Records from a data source

————

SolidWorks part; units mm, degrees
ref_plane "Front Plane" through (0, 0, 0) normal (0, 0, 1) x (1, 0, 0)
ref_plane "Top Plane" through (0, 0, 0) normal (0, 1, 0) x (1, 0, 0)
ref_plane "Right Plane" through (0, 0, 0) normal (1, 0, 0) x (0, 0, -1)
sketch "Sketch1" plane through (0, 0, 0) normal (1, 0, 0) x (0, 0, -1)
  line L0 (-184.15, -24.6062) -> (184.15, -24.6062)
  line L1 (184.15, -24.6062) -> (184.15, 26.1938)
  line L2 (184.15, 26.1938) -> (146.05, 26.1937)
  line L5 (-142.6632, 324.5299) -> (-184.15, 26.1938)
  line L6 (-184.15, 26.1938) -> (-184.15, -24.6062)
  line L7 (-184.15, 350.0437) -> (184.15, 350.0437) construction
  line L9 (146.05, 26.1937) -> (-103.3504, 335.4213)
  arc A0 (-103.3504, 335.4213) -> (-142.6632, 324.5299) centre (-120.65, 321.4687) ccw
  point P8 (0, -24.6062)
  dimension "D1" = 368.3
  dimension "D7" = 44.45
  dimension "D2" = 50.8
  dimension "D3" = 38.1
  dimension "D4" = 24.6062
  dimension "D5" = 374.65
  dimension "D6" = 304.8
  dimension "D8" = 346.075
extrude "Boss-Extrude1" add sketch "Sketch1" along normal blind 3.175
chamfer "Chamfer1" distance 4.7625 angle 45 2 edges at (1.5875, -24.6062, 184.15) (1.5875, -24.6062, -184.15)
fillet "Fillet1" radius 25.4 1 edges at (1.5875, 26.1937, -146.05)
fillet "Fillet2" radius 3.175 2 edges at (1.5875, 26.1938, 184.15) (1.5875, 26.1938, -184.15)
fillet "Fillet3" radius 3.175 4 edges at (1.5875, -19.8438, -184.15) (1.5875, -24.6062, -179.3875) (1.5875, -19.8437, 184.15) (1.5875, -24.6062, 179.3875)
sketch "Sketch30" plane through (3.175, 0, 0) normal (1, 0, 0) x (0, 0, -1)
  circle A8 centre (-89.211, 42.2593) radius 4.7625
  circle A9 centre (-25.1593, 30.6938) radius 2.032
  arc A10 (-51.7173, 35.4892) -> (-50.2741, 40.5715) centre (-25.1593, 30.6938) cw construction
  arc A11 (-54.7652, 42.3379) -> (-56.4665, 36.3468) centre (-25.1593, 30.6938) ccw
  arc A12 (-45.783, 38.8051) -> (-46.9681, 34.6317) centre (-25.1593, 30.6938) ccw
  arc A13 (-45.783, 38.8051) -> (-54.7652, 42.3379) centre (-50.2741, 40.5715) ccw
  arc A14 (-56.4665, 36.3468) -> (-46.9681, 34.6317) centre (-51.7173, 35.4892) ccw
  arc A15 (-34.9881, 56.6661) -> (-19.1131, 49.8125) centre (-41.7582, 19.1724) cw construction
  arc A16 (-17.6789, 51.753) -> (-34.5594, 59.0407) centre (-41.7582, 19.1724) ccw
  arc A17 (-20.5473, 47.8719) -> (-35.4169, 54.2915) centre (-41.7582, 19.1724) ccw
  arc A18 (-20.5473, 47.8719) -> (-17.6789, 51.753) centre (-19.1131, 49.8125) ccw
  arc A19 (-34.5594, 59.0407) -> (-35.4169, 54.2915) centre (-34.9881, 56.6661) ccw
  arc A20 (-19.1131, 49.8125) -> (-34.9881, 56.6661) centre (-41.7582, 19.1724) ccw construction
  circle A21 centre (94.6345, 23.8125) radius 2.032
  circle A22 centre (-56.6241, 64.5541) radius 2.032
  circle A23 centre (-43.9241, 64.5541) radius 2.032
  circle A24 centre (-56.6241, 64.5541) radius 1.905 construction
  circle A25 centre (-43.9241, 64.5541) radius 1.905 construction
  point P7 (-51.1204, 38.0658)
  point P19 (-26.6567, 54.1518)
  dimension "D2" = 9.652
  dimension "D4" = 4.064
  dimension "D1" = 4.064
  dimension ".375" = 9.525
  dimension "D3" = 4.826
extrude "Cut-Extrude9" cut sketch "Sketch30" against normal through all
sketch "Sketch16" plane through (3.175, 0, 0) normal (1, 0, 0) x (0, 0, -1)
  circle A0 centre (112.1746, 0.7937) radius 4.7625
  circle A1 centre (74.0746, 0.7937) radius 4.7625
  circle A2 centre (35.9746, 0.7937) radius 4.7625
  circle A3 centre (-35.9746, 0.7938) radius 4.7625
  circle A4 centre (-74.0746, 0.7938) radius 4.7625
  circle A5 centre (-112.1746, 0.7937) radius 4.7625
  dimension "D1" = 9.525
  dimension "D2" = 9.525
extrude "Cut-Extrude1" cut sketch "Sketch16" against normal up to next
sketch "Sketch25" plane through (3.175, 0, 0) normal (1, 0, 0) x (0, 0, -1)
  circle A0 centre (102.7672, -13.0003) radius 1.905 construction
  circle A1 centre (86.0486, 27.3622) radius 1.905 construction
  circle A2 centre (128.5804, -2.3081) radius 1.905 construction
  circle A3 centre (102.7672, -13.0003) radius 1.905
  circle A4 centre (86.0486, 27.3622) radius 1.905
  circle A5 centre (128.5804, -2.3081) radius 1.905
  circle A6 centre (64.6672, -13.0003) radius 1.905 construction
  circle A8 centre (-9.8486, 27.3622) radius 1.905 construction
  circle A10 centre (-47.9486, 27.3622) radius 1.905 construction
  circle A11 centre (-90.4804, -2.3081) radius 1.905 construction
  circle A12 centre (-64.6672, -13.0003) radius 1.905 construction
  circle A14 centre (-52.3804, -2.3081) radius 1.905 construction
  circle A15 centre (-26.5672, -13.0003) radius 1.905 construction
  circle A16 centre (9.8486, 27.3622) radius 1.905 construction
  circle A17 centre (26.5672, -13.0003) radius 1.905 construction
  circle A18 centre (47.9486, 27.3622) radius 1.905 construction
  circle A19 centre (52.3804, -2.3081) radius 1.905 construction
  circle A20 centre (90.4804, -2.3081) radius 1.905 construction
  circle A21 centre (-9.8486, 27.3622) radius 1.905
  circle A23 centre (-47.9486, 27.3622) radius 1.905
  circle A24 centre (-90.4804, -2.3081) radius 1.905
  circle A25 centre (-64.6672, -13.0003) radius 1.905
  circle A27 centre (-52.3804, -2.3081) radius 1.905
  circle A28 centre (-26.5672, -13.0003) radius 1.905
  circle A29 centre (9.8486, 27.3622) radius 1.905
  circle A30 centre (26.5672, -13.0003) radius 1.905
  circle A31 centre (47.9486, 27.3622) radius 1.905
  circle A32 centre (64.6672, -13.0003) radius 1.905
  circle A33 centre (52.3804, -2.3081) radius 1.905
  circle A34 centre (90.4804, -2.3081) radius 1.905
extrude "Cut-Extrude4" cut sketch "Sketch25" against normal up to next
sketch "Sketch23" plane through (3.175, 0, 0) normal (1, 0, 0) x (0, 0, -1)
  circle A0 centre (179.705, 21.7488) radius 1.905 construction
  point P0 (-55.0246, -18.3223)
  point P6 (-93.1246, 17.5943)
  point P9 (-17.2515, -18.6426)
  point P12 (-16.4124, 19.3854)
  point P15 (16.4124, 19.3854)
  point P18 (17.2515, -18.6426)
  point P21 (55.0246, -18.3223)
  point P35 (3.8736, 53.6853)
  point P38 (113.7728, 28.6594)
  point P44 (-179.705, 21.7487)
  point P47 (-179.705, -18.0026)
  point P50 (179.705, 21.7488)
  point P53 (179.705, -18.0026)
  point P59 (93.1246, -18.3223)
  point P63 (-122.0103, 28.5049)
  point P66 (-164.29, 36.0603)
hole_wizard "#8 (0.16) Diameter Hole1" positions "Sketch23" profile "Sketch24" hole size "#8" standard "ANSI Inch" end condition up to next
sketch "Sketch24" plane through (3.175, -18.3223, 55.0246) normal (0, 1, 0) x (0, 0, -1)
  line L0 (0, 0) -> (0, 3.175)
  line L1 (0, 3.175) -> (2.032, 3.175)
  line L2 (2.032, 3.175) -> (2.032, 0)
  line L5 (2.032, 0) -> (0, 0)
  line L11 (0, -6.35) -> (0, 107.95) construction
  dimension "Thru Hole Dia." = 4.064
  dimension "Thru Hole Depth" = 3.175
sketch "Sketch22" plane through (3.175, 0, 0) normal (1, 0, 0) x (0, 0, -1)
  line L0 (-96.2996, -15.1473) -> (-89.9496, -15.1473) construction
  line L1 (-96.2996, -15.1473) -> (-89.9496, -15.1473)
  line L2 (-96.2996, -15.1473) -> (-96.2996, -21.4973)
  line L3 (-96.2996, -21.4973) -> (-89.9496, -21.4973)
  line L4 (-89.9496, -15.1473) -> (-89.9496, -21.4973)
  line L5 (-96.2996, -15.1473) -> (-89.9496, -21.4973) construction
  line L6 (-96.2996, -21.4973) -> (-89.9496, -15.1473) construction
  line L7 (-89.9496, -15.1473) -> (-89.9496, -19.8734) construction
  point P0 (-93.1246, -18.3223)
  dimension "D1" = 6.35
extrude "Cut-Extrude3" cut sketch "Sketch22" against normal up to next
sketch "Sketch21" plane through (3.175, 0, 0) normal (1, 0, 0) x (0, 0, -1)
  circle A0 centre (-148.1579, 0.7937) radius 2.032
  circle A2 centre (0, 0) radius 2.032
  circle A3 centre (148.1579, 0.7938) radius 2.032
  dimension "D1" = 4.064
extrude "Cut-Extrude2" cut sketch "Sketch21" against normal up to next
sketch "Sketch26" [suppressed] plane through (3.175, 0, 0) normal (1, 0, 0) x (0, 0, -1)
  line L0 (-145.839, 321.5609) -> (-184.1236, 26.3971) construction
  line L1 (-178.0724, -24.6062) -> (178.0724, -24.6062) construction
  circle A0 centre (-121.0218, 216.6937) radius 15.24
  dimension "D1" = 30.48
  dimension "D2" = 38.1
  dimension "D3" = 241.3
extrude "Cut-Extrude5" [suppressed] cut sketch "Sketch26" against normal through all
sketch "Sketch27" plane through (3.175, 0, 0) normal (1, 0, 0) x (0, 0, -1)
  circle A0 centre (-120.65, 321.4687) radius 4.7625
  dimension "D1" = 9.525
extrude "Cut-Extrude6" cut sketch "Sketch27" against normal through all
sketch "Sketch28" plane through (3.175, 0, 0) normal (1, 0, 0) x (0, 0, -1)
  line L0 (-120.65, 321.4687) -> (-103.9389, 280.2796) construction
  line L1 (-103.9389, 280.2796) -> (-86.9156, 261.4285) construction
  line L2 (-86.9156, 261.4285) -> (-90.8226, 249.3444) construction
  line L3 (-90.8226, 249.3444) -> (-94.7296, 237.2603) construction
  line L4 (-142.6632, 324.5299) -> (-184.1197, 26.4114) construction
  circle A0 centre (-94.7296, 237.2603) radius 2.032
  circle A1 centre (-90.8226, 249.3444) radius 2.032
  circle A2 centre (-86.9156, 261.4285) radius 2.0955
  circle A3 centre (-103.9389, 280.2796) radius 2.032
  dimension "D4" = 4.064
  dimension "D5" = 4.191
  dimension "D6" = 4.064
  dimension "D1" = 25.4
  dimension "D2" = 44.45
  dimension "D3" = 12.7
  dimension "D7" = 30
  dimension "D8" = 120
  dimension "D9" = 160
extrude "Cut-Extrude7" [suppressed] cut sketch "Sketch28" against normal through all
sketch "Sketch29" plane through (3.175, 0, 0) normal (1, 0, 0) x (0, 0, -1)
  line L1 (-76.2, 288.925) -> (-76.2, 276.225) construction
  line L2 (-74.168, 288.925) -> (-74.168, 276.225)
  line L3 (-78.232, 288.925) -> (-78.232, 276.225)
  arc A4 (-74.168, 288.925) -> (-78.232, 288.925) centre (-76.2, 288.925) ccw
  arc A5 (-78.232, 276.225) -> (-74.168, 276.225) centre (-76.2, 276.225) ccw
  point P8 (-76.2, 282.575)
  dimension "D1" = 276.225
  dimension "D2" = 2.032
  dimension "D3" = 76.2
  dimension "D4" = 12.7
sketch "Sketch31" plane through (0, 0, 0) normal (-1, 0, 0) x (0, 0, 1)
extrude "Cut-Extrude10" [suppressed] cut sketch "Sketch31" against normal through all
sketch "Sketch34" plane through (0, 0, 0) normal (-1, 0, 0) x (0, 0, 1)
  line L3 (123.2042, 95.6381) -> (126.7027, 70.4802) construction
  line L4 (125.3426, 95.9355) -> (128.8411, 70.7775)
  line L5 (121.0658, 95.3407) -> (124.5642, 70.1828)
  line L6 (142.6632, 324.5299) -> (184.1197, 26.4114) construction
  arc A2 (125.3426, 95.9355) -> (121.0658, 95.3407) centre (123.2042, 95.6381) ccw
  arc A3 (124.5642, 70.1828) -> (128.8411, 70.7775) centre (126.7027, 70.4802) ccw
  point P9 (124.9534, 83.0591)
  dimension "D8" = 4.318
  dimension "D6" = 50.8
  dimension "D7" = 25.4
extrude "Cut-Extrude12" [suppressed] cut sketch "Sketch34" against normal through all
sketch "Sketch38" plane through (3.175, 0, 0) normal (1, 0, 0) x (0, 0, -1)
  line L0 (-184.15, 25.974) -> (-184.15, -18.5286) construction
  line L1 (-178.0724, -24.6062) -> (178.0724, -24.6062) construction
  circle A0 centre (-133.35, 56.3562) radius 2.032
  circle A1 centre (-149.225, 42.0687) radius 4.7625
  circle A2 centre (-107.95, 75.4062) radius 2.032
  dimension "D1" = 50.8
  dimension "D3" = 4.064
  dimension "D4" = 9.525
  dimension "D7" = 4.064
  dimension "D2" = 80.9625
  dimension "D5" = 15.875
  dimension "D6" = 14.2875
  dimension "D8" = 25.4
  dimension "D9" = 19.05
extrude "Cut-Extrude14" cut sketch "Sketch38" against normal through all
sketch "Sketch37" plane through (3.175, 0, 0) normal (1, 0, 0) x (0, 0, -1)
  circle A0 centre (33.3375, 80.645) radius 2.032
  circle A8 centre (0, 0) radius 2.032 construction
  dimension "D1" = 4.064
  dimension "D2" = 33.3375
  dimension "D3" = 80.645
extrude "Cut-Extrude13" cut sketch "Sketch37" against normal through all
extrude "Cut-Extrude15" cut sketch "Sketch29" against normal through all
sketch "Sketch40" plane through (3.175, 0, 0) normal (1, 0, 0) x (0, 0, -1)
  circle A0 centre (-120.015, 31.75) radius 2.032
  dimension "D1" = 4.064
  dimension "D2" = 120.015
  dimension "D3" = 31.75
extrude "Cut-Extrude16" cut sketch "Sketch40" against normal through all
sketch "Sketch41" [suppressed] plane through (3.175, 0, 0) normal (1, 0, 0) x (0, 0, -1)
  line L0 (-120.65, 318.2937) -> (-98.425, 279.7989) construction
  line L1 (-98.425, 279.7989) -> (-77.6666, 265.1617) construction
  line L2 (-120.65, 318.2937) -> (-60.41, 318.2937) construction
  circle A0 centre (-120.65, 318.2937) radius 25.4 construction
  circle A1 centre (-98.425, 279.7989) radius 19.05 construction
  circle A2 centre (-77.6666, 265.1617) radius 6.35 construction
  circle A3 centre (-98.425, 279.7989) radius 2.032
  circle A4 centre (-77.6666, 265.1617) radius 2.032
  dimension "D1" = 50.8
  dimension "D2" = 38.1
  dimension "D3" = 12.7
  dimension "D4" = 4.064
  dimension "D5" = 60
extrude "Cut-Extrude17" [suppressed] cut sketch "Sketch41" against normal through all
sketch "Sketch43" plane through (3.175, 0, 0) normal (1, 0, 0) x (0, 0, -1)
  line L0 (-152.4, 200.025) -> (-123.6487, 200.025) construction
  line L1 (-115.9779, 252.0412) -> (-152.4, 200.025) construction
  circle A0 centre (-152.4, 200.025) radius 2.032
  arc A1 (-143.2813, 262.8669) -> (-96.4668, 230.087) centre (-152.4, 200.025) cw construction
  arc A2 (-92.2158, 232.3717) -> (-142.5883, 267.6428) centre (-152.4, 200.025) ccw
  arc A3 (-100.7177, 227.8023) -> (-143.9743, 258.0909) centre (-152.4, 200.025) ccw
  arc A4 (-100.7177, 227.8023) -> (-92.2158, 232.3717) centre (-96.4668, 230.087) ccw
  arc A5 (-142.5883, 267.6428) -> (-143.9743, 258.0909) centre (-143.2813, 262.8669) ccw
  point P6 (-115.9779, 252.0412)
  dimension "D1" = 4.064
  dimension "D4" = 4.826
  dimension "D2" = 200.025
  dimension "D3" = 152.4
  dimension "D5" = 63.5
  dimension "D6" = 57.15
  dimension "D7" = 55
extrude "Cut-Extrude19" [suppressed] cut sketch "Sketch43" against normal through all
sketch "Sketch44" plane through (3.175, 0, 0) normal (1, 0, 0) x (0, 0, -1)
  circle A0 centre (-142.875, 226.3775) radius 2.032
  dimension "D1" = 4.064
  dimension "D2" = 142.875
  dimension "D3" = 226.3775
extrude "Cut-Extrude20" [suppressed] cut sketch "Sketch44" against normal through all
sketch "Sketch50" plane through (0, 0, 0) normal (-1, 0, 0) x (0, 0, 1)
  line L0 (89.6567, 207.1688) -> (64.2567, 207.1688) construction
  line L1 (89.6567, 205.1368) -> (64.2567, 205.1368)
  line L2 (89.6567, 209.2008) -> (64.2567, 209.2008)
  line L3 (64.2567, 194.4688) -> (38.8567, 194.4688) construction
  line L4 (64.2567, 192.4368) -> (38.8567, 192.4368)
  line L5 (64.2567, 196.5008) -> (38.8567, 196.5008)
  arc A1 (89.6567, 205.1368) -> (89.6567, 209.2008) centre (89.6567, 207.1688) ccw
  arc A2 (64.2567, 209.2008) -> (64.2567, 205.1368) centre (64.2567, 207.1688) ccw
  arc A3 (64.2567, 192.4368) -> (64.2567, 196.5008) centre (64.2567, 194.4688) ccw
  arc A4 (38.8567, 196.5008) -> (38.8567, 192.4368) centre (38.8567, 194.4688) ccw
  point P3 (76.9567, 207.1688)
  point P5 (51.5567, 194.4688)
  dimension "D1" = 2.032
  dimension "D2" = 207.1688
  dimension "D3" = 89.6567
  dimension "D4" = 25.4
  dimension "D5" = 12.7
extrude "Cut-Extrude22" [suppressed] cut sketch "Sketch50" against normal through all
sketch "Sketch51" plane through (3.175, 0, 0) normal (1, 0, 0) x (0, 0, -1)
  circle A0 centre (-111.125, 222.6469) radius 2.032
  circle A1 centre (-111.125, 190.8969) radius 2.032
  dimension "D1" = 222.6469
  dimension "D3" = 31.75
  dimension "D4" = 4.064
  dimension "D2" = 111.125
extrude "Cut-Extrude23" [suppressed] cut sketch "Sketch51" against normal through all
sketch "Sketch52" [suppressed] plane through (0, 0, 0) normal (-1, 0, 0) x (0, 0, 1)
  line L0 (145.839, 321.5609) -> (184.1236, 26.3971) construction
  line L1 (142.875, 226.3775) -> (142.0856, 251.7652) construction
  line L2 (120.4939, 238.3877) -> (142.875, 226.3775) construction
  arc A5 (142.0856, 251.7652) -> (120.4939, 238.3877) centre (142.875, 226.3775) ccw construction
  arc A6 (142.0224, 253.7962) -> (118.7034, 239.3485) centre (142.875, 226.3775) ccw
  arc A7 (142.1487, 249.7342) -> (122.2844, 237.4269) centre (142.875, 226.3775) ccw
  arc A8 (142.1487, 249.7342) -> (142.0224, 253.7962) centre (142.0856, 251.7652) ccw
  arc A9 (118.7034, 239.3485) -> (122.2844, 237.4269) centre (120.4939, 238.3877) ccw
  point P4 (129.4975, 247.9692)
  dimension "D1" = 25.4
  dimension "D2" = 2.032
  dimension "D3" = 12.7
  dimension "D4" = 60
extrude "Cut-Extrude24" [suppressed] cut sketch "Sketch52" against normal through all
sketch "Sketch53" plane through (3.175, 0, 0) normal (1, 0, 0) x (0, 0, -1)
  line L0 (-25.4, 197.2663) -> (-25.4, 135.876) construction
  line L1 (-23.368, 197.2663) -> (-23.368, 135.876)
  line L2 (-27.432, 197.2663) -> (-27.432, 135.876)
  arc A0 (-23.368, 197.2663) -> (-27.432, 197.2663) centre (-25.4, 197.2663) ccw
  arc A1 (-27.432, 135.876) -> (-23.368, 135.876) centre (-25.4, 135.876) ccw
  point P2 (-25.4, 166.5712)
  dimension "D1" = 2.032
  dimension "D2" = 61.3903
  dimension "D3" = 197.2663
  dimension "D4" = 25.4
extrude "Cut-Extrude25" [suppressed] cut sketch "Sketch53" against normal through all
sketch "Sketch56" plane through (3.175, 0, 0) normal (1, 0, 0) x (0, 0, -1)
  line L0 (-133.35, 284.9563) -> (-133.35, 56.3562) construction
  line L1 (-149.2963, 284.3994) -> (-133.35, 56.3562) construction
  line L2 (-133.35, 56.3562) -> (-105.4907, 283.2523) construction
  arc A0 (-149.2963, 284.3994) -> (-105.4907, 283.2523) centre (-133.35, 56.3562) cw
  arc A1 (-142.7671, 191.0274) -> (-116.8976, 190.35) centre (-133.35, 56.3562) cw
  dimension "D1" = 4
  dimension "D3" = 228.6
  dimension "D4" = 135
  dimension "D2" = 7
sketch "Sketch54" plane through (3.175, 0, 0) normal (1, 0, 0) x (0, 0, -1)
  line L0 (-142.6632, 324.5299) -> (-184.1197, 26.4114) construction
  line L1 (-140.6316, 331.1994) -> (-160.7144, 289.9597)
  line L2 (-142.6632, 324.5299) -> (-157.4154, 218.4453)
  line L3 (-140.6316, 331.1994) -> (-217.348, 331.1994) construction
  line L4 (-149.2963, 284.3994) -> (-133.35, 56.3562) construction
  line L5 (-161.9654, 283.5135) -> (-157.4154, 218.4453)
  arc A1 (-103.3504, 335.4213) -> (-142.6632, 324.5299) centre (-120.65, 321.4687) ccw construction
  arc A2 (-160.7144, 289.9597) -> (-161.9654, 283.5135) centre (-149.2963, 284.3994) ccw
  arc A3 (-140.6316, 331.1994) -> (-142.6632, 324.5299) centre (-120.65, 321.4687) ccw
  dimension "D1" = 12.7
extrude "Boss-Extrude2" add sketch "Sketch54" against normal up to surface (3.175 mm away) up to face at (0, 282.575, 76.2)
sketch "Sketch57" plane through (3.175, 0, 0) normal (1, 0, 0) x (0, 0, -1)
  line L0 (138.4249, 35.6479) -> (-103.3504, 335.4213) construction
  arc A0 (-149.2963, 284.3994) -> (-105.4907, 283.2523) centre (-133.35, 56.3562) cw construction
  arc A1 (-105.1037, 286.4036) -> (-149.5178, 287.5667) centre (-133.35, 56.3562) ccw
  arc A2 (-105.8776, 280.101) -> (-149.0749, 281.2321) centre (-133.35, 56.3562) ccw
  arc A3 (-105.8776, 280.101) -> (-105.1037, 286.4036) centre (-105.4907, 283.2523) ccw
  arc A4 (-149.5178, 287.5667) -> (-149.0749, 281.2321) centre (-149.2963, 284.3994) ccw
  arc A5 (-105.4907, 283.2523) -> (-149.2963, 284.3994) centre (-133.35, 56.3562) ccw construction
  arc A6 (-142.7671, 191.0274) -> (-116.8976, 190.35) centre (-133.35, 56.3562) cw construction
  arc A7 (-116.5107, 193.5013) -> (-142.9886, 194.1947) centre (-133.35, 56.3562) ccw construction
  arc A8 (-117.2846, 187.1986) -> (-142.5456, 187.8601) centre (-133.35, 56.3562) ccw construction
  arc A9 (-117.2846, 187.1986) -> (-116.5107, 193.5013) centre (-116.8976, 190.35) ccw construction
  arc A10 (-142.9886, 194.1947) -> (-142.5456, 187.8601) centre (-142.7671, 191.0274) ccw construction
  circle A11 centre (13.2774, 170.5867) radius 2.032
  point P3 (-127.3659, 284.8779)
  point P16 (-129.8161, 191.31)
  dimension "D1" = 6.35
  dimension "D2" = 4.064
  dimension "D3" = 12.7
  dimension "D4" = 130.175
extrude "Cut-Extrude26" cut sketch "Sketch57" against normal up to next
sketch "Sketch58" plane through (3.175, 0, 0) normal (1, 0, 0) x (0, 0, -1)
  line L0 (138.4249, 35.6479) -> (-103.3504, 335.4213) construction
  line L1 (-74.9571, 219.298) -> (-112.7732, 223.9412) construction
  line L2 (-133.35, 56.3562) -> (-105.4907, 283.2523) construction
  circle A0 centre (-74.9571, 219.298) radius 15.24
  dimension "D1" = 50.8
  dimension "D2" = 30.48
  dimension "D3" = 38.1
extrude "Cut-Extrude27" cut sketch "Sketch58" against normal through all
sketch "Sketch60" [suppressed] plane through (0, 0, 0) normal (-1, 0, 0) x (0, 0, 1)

————

▶ Work order:
Filter the entries down to the lines containing "next". Copy each of those lines.

▶ Answer section:
extrude "Cut-Extrude1" cut sketch "Sketch16" against normal up to next
extrude "Cut-Extrude4" cut sketch "Sketch25" against normal up to next
hole_wizard "#8 (0.16) Diameter Hole1" positions "Sketch23" profile "Sketch24" hole size "#8" standard "ANSI Inch" end condition up to next
extrude "Cut-Extrude3" cut sketch "Sketch22" against normal up to next
extrude "Cut-Extrude2" cut sketch "Sketch21" against normal up to next
extrude "Cut-Extrude26" cut sketch "Sketch57" against normal up to next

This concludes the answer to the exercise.